Data Compliance profiler configuration

You can configure the scheduling and the available resources for your profiler.

  1. Go to Profilers and select your data lake.
  2. Go to Profilers > Data Compliance > Profiler Details > Configuration > All Configurations
  3. Select a schedule to run profiler using either UNIX Cron Expression or the Basic scheduler.
  1. Select Last Run Check and set a period in Day Range if needed.
  2. Continue with resource settings:
    1. Set the Maximum number of executors

      Indicates the number of processes that are used by the distributed computing framework.
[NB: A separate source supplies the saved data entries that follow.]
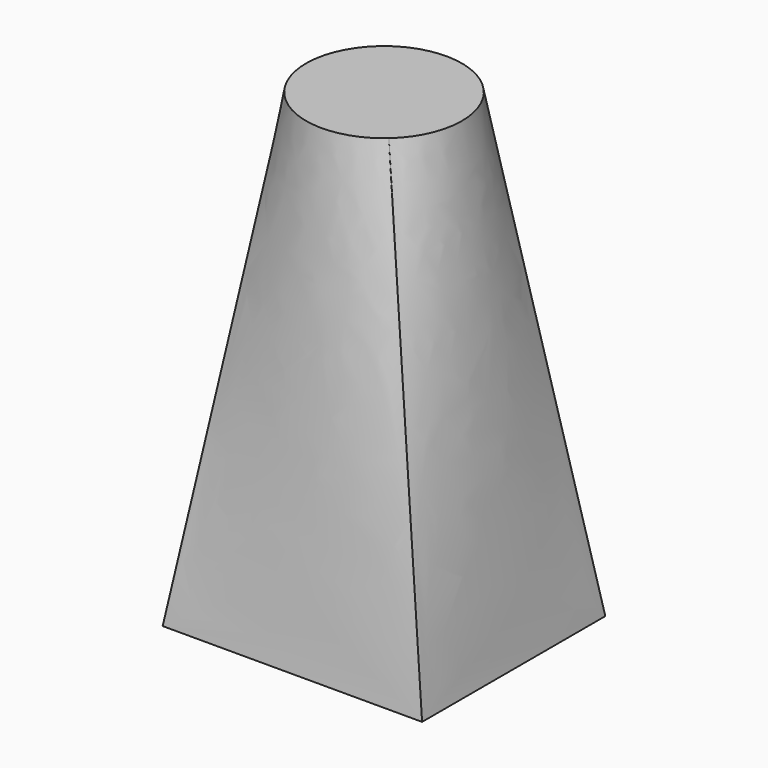
from build123d import *

# Parameters (mm, degrees)
F0_W = 70.7477629185
F0_H = 62.4708645046
F4_T = 2.54


# Not quite as in the source:
# - the arcs of a loft's sections are written as splines that run evenly, so that the points pair up as in the source's solid
# - a shell that OpenCascade refuses in one call is made with other operations: the cavity is built on its own and cut out


with BuildPart() as f3:
    # F0 (on Top) → F3 section 0
    with BuildSketch(Plane.XY):
        Rectangle(F0_W, F0_H)
    # F2 (on offset) → F3 section 1
    with BuildSketch(Plane.XY.offset(127)):
        with BuildLine():
            add(Edge.make_bspline(
                [(15.9351280148, 14.0708508936), (15.0141929774, 15.1138025832), (13.9905614763, 16.0660265425), (11.7771428565, 17.7525188473), (10.5874104689, 18.4867454911), (8.0875037404, 19.7090157679), (6.7773912146, 20.1970291779), (4.087066391, 20.9081062654), (2.7069206167, 21.13115236), (-0.0704346278, 21.3037099645), (-1.4675754224, 21.2532172075), (-4.2252288833, 20.8806240369), (-5.5856733611, 20.5585328366), (-8.2176499623, 19.6551074376), (-9.4891170049, 19.0737955781), (-11.8942713618, 17.6742560822), (-13.0278992039, 16.8560630523), (-14.0708508936, 15.9351280148)],
                knots=[0, 0, 0, 0, 0.125, 0.125, 0.25, 0.25, 0.375, 0.375, 0.5, 0.5, 0.625, 0.625, 0.75, 0.75, 0.875, 0.875, 1, 1, 1, 1], degree=3))
            add(Edge.make_bspline(
                [(-14.0708508936, 15.9351280148), (-15.1138025832, 15.0141929774), (-16.0660265425, 13.9905614763), (-17.7525188473, 11.7771428565), (-18.4867454911, 10.5874104689), (-19.7090157679, 8.0875037404), (-20.1970291779, 6.7773912146), (-20.9081062654, 4.087066391), (-21.13115236, 2.7069206167), (-21.3037099645, -0.0704346278), (-21.2532172075, -1.4675754224), (-20.8806240369, -4.2252288833), (-20.5585328366, -5.5856733611), (-19.6551074376, -8.2176499623), (-19.0737955781, -9.4891170049), (-17.6742560822, -11.8942713618), (-16.8560630523, -13.0278992039), (-15.9351280148, -14.0708508936)],
                knots=[0, 0, 0, 0, 0.125, 0.125, 0.25, 0.25, 0.375, 0.375, 0.5, 0.5, 0.625, 0.625, 0.75, 0.75, 0.875, 0.875, 1, 1, 1, 1], degree=3))
            add(Edge.make_bspline(
                [(-15.9351280148, -14.0708508936), (-15.0141929774, -15.1138025832), (-13.9905614763, -16.0660265425), (-11.7771428565, -17.7525188473), (-10.5874104689, -18.4867454911), (-8.0875037404, -19.7090157679), (-6.7773912146, -20.1970291779), (-4.087066391, -20.9081062654), (-2.7069206167, -21.13115236), (0.0704346278, -21.3037099645), (1.4675754224, -21.2532172075), (4.2252288833, -20.8806240369), (5.5856733611, -20.5585328366), (8.2176499623, -19.6551074376), (9.4891170049, -19.0737955781), (11.8942713618, -17.6742560822), (13.0278992039, -16.8560630523), (14.0708508936, -15.9351280148)],
                knots=[0, 0, 0, 0, 0.125, 0.125, 0.25, 0.25, 0.375, 0.375, 0.5, 0.5, 0.625, 0.625, 0.75, 0.75, 0.875, 0.875, 1, 1, 1, 1], degree=3))
            add(Edge.make_bspline(
                [(14.0708508936, -15.9351280148), (15.1138025832, -15.0141929774), (16.0660265425, -13.9905614763), (17.7525188473, -11.7771428565), (18.4867454911, -10.5874104689), (19.7090157679, -8.0875037404), (20.1970291779, -6.7773912146), (20.9081062654, -4.087066391), (21.13115236, -2.7069206167), (21.3037099645, 0.0704346278), (21.2532172075, 1.4675754224), (20.8806240369, 4.2252288833), (20.5585328366, 5.5856733611), (19.6551074376, 8.2176499623), (19.0737955781, 9.4891170049), (17.6742560822, 11.8942713618), (16.8560630523, 13.0278992039), (15.9351280148, 14.0708508936)],
                knots=[0, 0, 0, 0, 0.125, 0.125, 0.25, 0.25, 0.375, 0.375, 0.5, 0.5, 0.625, 0.625, 0.75, 0.75, 0.875, 0.875, 1, 1, 1, 1], degree=3))
        make_face()
    loft(ruled=True)

    # F4: shell of thickness 2.54, made by hand


with BuildPart() as f4_core1:
    # F4_t2: copy of F3
    add(f3.part)

    # the walls: a layer under each face that stays
    f4_faces = [f4_core1.faces().sort_by_distance(p)[0] for p in [
        (28.2956563107, -0.6591214972, 63.5),
        (0.6591214972, 26.2264317073, 63.5),
        (-28.2956563107, 0.6591214972, 63.5),
        (-0.6591214972, -26.2264317073, 63.5),
        (0, 0, 127),
    ]]
    thicken(f4_faces, amount=-F4_T, mode=Mode.SUBTRACT)


with BuildPart() as f3_1:
    add(f3.part)

    # what is left inside the walls is the cavity
    f4_cavity = [f4_core1.part.solids().sort_by_distance(p)[0] for p in [
        (-0.40374, -25.381852, 41.586065),
    ]]
    add(f4_cavity, mode=Mode.SUBTRACT)


solid = f3_1.part

The recommended value is at least 10 executors.

    2. Set the Maximum cores per executor

      Indicates the maximum number of cores that can be allocated to an executor.

    3. Set the Executor memory limit in GBs
  1. Click Save to apply the configuration changes to the selected profiler.
  2. Add Asset Filtering Rules as needed to customize the selection of assets to be profiled.
    1. Set your Deny List and Allow-list.
      The profiler will skip profiling assets that meet any criteria in the Deny List and will include assets that meet any criteria in the Allow List.
      1. Select the Deny-list or Allow List tab.
      2. Click Add New Rule to define new rules.
      3. Select the key from the drop-down list and the relevant operator. You can select from the following:
        Key Operator
        Database name
        • equals
        • starts with
        • ends with
        Name (of asset)
        • equals
        • contains
        • starts with
        • ends with
        Owner (of asset)
        Creation date
        • greater than
        • less than
      4. Enter the value corresponding to the key. For example, you can enter a string as mentioned in the previous example.
      5. Click Add Rule. Once a rule is added (enabled by default), you can toggle the state of the new rule to enable it or disable it as needed.